[Data items]
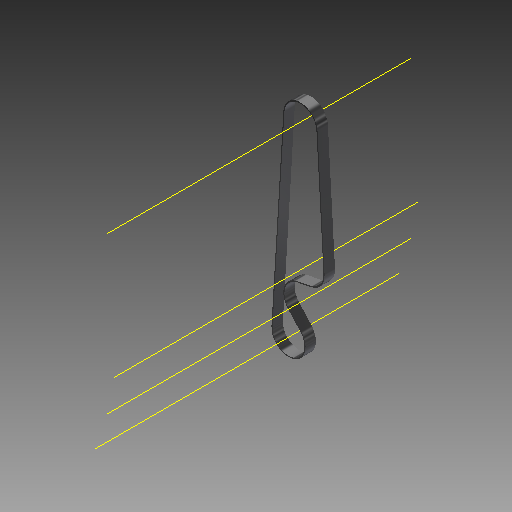
# Autodesk Inventor part: Synchronous Belt
Saved by Autodesk Inventor 2019.4 (Build 234330000, 330)
## iProperties
Created: 2020-01-23
Part Number: Synchronous Belt
Material: Rubber
Document SubType Name: Modeling
Designer: admin
Density: 0.93 g/cm^3
Appearance: Rubber - Black - Version 1.1
Mass: 4.464 g
Surface Area: 105.6 cm^2
Volume: 4.8 cm^3
CustomPartVersion: 1
Author: admin
Autodesk Inventor part; units mm, degrees
sketch "Sketch Path" plane through (0, 0, 0) normal (0, 0, 1) x (1, 0, 0)
  arc A0 (40.1488, -119.2704) -> (67.8239, -109.5642) centre (56.0338, -120.2551) ccw
  arc A1 (83.375, 65.4323) -> (51.6018, 65.4856) centre (67.4868, 64.5009) ccw
  arc A2 (77.4364, -67.2623) -> (90.1848, -50.7282) centre (74.2966, -51.6596) ccw
  arc A3 (64.347, -69.8964) -> (55.6967, -96.19) centre (67.4868, -85.4991) ccw
  line L0 (55.6967, -96.19) -> (67.8239, -109.5642)
  line L1 (40.1488, -119.2704) -> (51.6018, 65.4856)
  line L2 (83.375, 65.4323) -> (90.1848, -50.7282)
  line L3 (77.4364, -67.2623) -> (64.347, -69.8964)
  constraints: 8 end point, 8 point on circle, 4 centre point
ref_plane "Cross Section Plane" through (67.8239, -109.5642, 0) normal (-0.6717, 0.7408, 0) x (0, 0, 1)
ref_plane "Work Plane2" through (56.0338, -120.2551, 0) normal (-1, 0, 0) x (0, 0, 1)
ref_plane "Work Plane3" through (67.4868, 64.5009, 0) normal (-0.3024, -0.9532, 0) x (0, 0, 1)
ref_plane "Work Plane4" through (74.2966, -51.6596, 0) normal (0.2199, 0.9755, 0) x (0, 0, 1)
ref_plane "Work Plane5" through (67.4868, -85.4991, 0) normal (-0.9686, -0.2486, 0) x (0, 0, 1)
sketch "Cross Section" plane through (67.8239, -109.5642, 0) normal (-0.6717, 0.7408, 0) x (0, 0, 1)
  line L0 (-5, 0.5) -> (5, 0.5)
  line L1 (5, 0.5) -> (5, -0.5)
  line L2 (5, -0.5) -> (-5, -0.5)
  line L3 (-5, -0.5) -> (-5, 0.5)
  line L4 (-5, 0) -> (5, 0) construction
  point P0 (0, 0)
  point P1 (0, 0)
  dimension "d0" = 10
  dimension "d4" = 0.5
  dimension "d5" = 0.5
  constraints: 10 end point, 3 midpoint, 2 parallel, 1 coincident, 1 horizontal, 1 perpendicular, 1 other
  measures "d0" distance between parallel lines of L1 L3
  measures "d4" distance between parallel lines of L2 L4
  measures "d5" distance between parallel lines of L4 L0
sweep "Belt" add profiles "Cross Section" path "Sketch Path"
equation "\"d0\" = da_B"
equation "\"d4\" = da_a"
equation "\"d5\" = da_a2"
equation "\"da_B\" = 10"
equation "\"da_pb\" = 5"
equation "\"da_a\" = 0.5"
equation "\"da_S\" = 2.65"
equation "\"da_Beta\" = 20deg"
equation "\"da_Ht\" = 1.2"
equation "\"da_H\" = 3.4"
equation "\"da_a2\" = 0.5"
body "Solid1"

Your instructions: Starting at the line that contains "line L3 (-5, -0.5) -> (-5, 0.5)", retype every line through the end of the records exactly, and nothing else.

Solution to the exercise:
  line L3 (-5, -0.5) -> (-5, 0.5)
  line L4 (-5, 0) -> (5, 0) construction
  point P0 (0, 0)
  point P1 (0, 0)
  dimension "d0" = 10
  dimension "d4" = 0.5
  dimension "d5" = 0.5
  constraints: 10 end point, 3 midpoint, 2 parallel, 1 coincident, 1 horizontal, 1 perpendicular, 1 other
  measures "d0" distance between parallel lines of L1 L3
  measures "d4" distance between parallel lines of L2 L4
  measures "d5" distance between parallel lines of L4 L0
sweep "Belt" add profiles "Cross Section" path "Sketch Path"
equation "\"d0\" = da_B"
equation "\"d4\" = da_a"
equation "\"d5\" = da_a2"
equation "\"da_B\" = 10"
equation "\"da_pb\" = 5"
equation "\"da_a\" = 0.5"
equation "\"da_S\" = 2.65"
equation "\"da_Beta\" = 20deg"
equation "\"da_Ht\" = 1.2"
equation "\"da_H\" = 3.4"
equation "\"da_a2\" = 0.5"
body "Solid1"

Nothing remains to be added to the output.